Copy out all lines of the records in which the word "origin" appears.

***

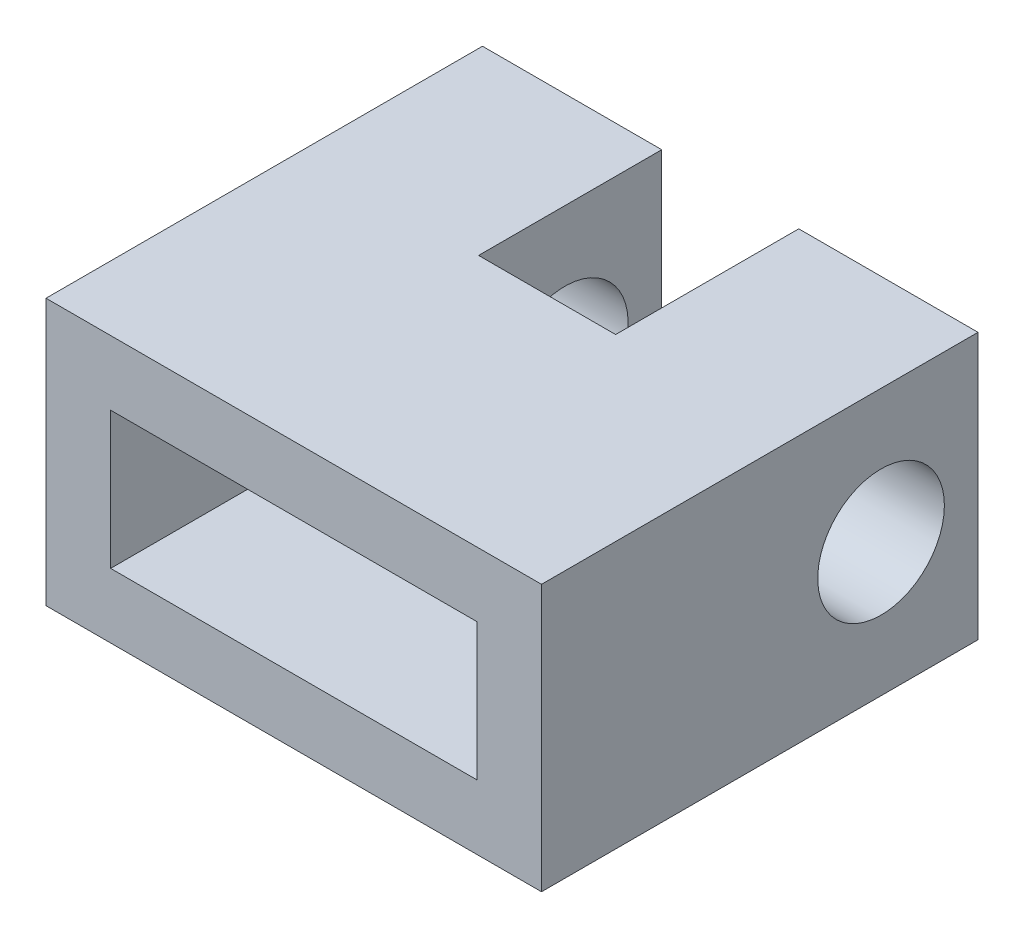
from build123d import *

# Parameters (mm, degrees)
SKETCH1_W           = 11.5
SKETCH1_H           = 6.18
SKETCH1_W_2         = 8.5
SKETCH1_H_2         = 3.18
BOSS_EXTRUDE1_DEPTH = 4.88
SKETCH2_W           = 11.5
SKETCH2_H           = 6.18
BOSS_EXTRUDE2_DEPTH = 1
SKETCH3_W           = 4.16
SKETCH3_H           = 6.18
BOSS_EXTRUDE3_DEPTH = 4.25
SKETCH4_R           = 1.47
CUT_EXTRUDE1_DEPTH  = 7.5
SKETCH5_R           = 1.47
CUT_EXTRUDE2_DEPTH  = 14.480166913


with BuildPart() as part:
    # Sketch1 → Boss-Extrude1 (new body)
    with BuildSketch(Plane.XY):
        with Locations((4.25, 1.59)):
            Rectangle(SKETCH1_W, SKETCH1_H)
        with Locations((4.25, 1.59)):
            Rectangle(SKETCH1_W_2, SKETCH1_H_2, mode=Mode.SUBTRACT)
    extrude(amount=BOSS_EXTRUDE1_DEPTH)

    # Sketch2 → Boss-Extrude2 (add)
    with BuildSketch(Plane(origin=(0, 0, 0), x_dir=(-1, 0, 0), z_dir=(0, 0, -1))):
        with Locations((-4.25, 1.59)):
            Rectangle(SKETCH2_W, SKETCH2_H)
    extrude(amount=BOSS_EXTRUDE2_DEPTH)

    # Sketch3 → Boss-Extrude3 (add)
    with BuildSketch(Plane(origin=(0, 0, -1), x_dir=(-1, 0, 0), z_dir=(0, 0, -1))):
        with Locations((-7.92, 1.59)):
            Rectangle(SKETCH3_W, SKETCH3_H)
        with Locations((-0.58, 1.59)):
            Rectangle(SKETCH3_W, SKETCH3_H)
    extrude(amount=BOSS_EXTRUDE3_DEPTH)

    # Sketch4 → Cut-Extrude1 (cut)
    with BuildSketch(Plane(origin=(10, 0, 0), x_dir=(0, 0, -1), z_dir=(1, 0, 0))):
        with Locations((3, 1.59)):
            Circle(SKETCH4_R)
    extrude(amount=-CUT_EXTRUDE1_DEPTH, mode=Mode.SUBTRACT)

    # Sketch5 → Cut-Extrude2 (cut, through all)
    with BuildSketch(Plane.ZY.offset(1.5)):
        with Locations(Location((-3, 1.59, 0), (0, 0, 270))):
            Circle(SKETCH5_R)
    extrude(amount=-CUT_EXTRUDE2_DEPTH, mode=Mode.SUBTRACT)


solid = part.part
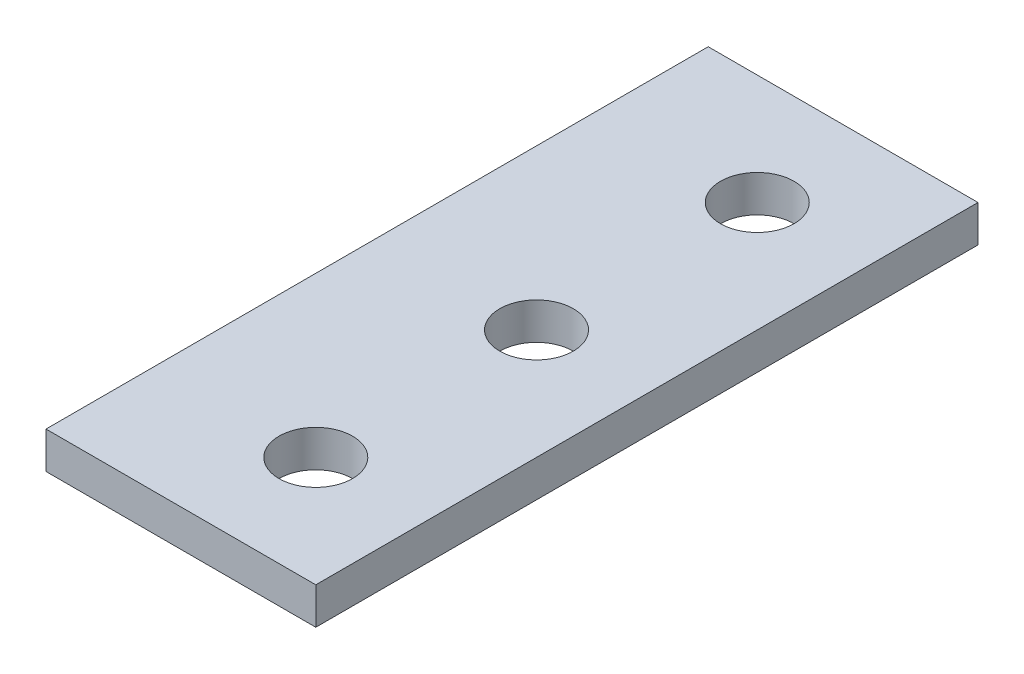
from build123d import *

# Parameters (mm, degrees)
SKETCH1_W           = 66
SKETCH1_H           = 162
SKETCH1_R           = 9
BOSS_EXTRUDE2_DEPTH = 4.5


with BuildPart() as part:
    # Sketch1 → Boss-Extrude2 (new, symmetric)
    with BuildSketch(Plane(origin=(0, 0, 0), x_dir=(1, 0, 0), z_dir=(0, 1, 0))):
        with Locations((33, -81)):
            Rectangle(SKETCH1_W, SKETCH1_H)
        with Locations(Location((39, -135, 0), (0, 0, 270))):
            Circle(SKETCH1_R, mode=Mode.SUBTRACT)
        with Locations(Location((39, -81, 0), (0, 0, 270))):
            Circle(SKETCH1_R, mode=Mode.SUBTRACT)
        with Locations(Location((39, -27, 0), (0, 0, 270))):
            Circle(SKETCH1_R, mode=Mode.SUBTRACT)
    extrude(amount=BOSS_EXTRUDE2_DEPTH, both=True)


solid = part.part

***

Written response:
    with BuildSketch(Plane(origin=(0, 0, 0), x_dir=(-1, 0, 0), z_dir=(0, 0, -1))):
    with BuildSketch(Plane(origin=(0, 0, -1), x_dir=(-1, 0, 0), z_dir=(0, 0, -1))):
    with BuildSketch(Plane(origin=(10, 0, 0), x_dir=(0, 0, -1), z_dir=(1, 0, 0))):
    with BuildSketch(Plane(origin=(0, 0, 0), x_dir=(1, 0, 0), z_dir=(0, 1, 0))):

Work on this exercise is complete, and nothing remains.